React in 2026 is significantly different from React in 2020. Server Components, Suspense for data fetching, concurrent rendering, and useTransition have changed how applications are structured. Senior frontend interviews probe whether you understand these new patterns and when to use them.
The hooks foundation (still essential)
useState— local stateuseEffect— side effects after renderuseRef— mutable ref + DOM refuseMemo/useCallback— referential stability and memoizationuseContext— read contextuseReducer— complex local state
Common bugs:
- Stale closures in useEffect (missing deps array entries)

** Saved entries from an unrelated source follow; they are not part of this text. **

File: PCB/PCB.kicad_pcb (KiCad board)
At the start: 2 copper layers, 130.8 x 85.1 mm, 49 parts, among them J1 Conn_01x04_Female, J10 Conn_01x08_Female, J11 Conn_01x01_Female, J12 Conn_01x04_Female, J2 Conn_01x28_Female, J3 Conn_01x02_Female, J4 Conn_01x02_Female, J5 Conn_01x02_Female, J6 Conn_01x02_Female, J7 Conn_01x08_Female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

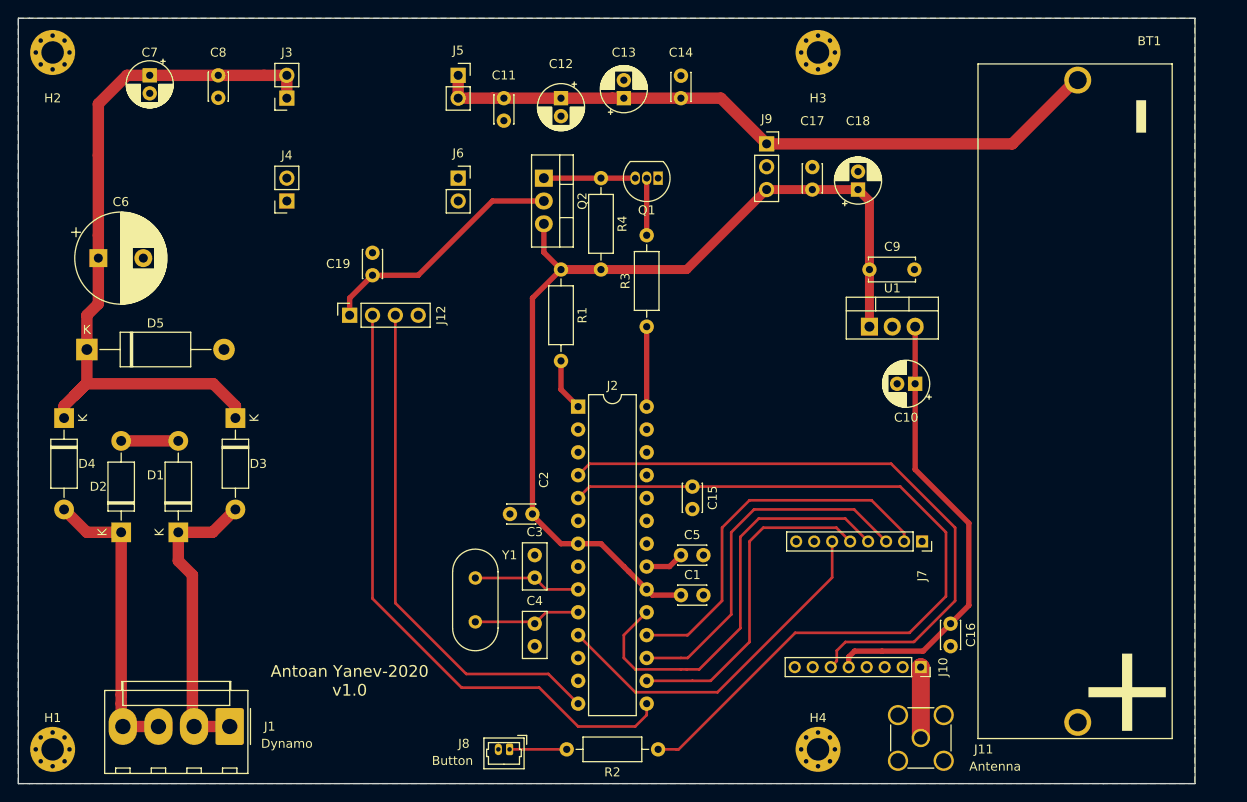
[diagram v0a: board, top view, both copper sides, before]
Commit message: Added UART Header
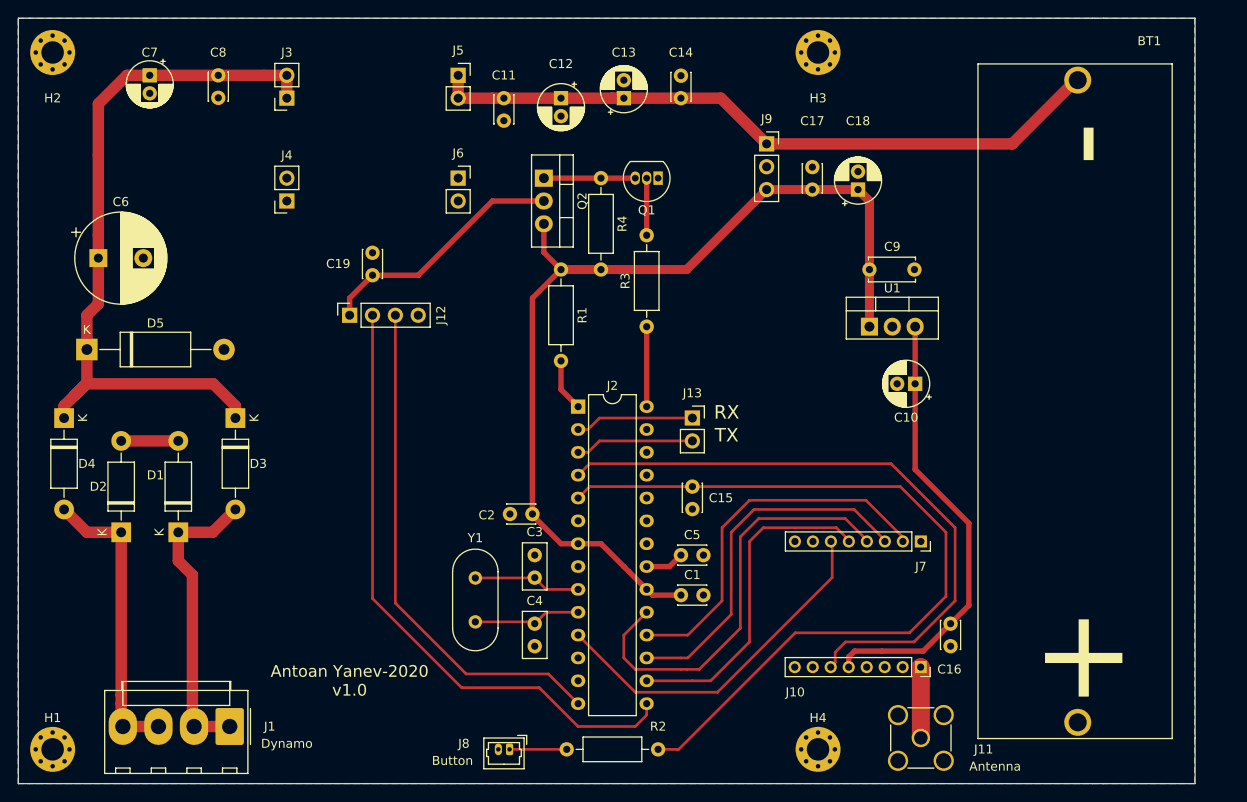
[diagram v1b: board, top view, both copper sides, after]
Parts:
- added J13: Conn_01x02_Female, Connector_PinSocket_2.54mm:PinSocket_1x02_P2.54mm_Vertical, F.Cu at (121.9, 62.2)
- moved J7 0.14 mm to (147.3, 75.9)
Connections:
- J2 pad 2: Net-(J2-Pad2) -> UART_RX
- J2 pad 3: Net-(J2-Pad3) -> UART_TX
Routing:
- net UART_TX: track 0.00 -> 14.1 mm
- net UART_RX: track 0.00 -> 13.2 mm
- net Net-(D2-Pad1): track 36.9 -> 33.0 mm
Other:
- net class Default: clearance 0.2 -> 0.3; trace_width 0.25 -> 0.3
- rule trace_clearance: 0.2 -> 0.3
- board text added: "RX"
- board text added: "TX"

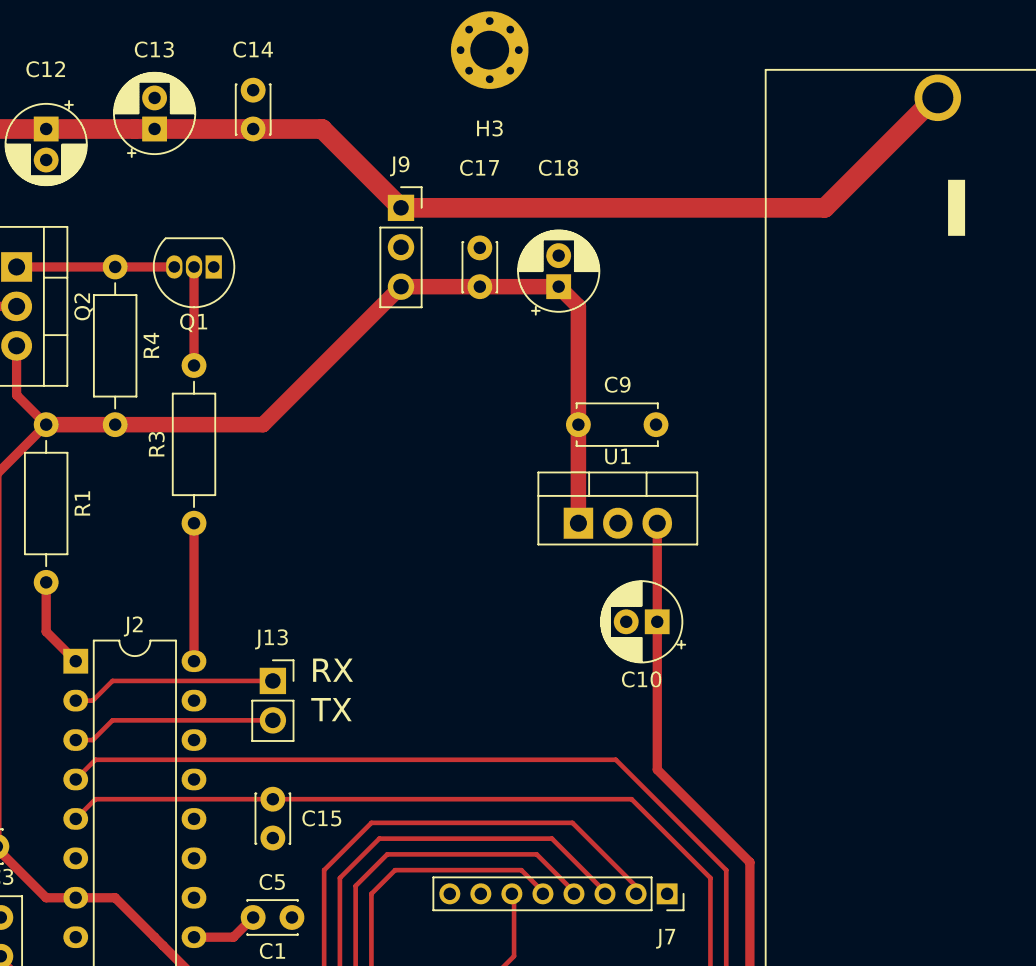
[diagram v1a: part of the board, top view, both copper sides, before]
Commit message: Added batter measuring resistor
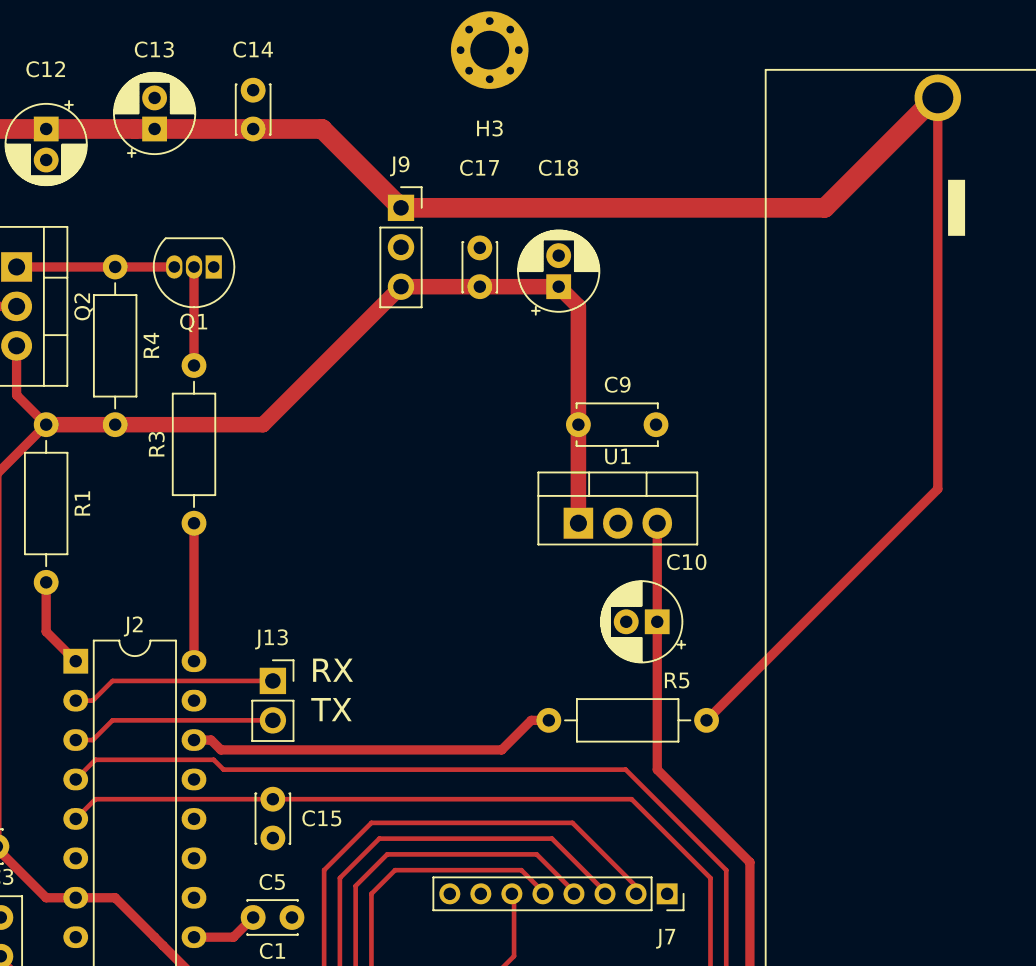
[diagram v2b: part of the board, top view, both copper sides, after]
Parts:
- added R5: 10k, Resistor_THT:R_Axial_DIN0207_L6.3mm_D2.5mm_P10.16mm_Horizontal, F.Cu at (139.7, 64.8)
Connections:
- net Net-(BT1-Pad1) renamed VBAT
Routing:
- net VBAT: track 76.5 -> 122.7 mm
- net Net-(J2-Pad26): track 0.00 -> 23.9 mm

- Recreating functions on every render breaking memoization
- Using useEffect for derived state when computed inline would do
Concurrent React
React 18+ introduced concurrent rendering. The renderer can interrupt itself and prioritize urgent updates.
useTransition
Mark a state update as non-urgent. The renderer can pause it if more important work arrives.
const [isPending, startTransition] = useTransition();
const handleSearch = (query) => {
startTransition(() => {
setSearchResults(filterResults(query));
});
};
Use case: filtering a large list while user keeps typing.
useDeferredValue
Returns a “previous value” version of a value that lags behind the urgent value. Lets the urgent UI (input) stay responsive while the deferred UI (results) catches up.
Suspense for data fetching
The component “suspends” by throwing a promise. The closest Suspense boundary catches it and renders a fallback. When the promise resolves, the component renders.
Libraries: React Query, Relay, and Next.js have Suspense-compatible data fetching. Manual fetching also possible via experimental use() hook.
Server Components (RSC)
Components that run on the server and stream their HTML to the client. Benefits:
- Zero JavaScript for the component itself in the client bundle
- Direct database access from the component
- Smaller client bundles
- Better performance for content-heavy sites
Tradeoffs:
- Cannot use state, effects, or browser APIs
- Cannot have event handlers
- Mental model shift — you think about what runs where
Mainstream via Next.js App Router as of 2024. Other frameworks (Remix, future Tanstack Start) are following.
Client Components (the “use client” boundary)
Components that need state, effects, or interactivity. Marked with "use client" at the top of the file. Bundled to the client.
The boundary between server and client matters. Best practice: keep client components small and leaf-like; render most content server-side.
Streaming and progressive rendering
With Server Components + Suspense, parts of the page can stream to the client before others are ready. The user sees content faster, even on slow APIs.
State management in 2026
The ecosystem has consolidated:
- Server state: React Query / TanStack Query, SWR, Apollo. Caches, retries, mutations, optimistic updates.
- Client state: Zustand (small apps), Redux Toolkit (large apps), Jotai (atomic, fine-grained).
- URL state: Next.js App Router primitives, react-router, nuqs (typed query params).
- Form state: React Hook Form, Formik, native form actions in RSC.
Common antipatterns
- useState + useEffect to fetch data — use a real data library
- useMemo on every value — adds overhead, often net-negative
- Context for everything — re-renders cascade; use Zustand or selectors
- useEffect to derive state from props — compute inline instead
Frequently Asked Questions
Should I use Server Components for everything?
Use them as the default. Drop into Client Components only when interactivity, state, or browser APIs are needed. Keep client boundaries small.
Is Redux still relevant?
Redux Toolkit is excellent for large applications with complex shared state. For most new apps, Zustand or Jotai is simpler. The “default Redux for everything” era is over.
What is the difference between useTransition and useDeferredValue?
useTransition wraps a state setter; useDeferredValue wraps a value. Functionally similar; use whichever fits the call site.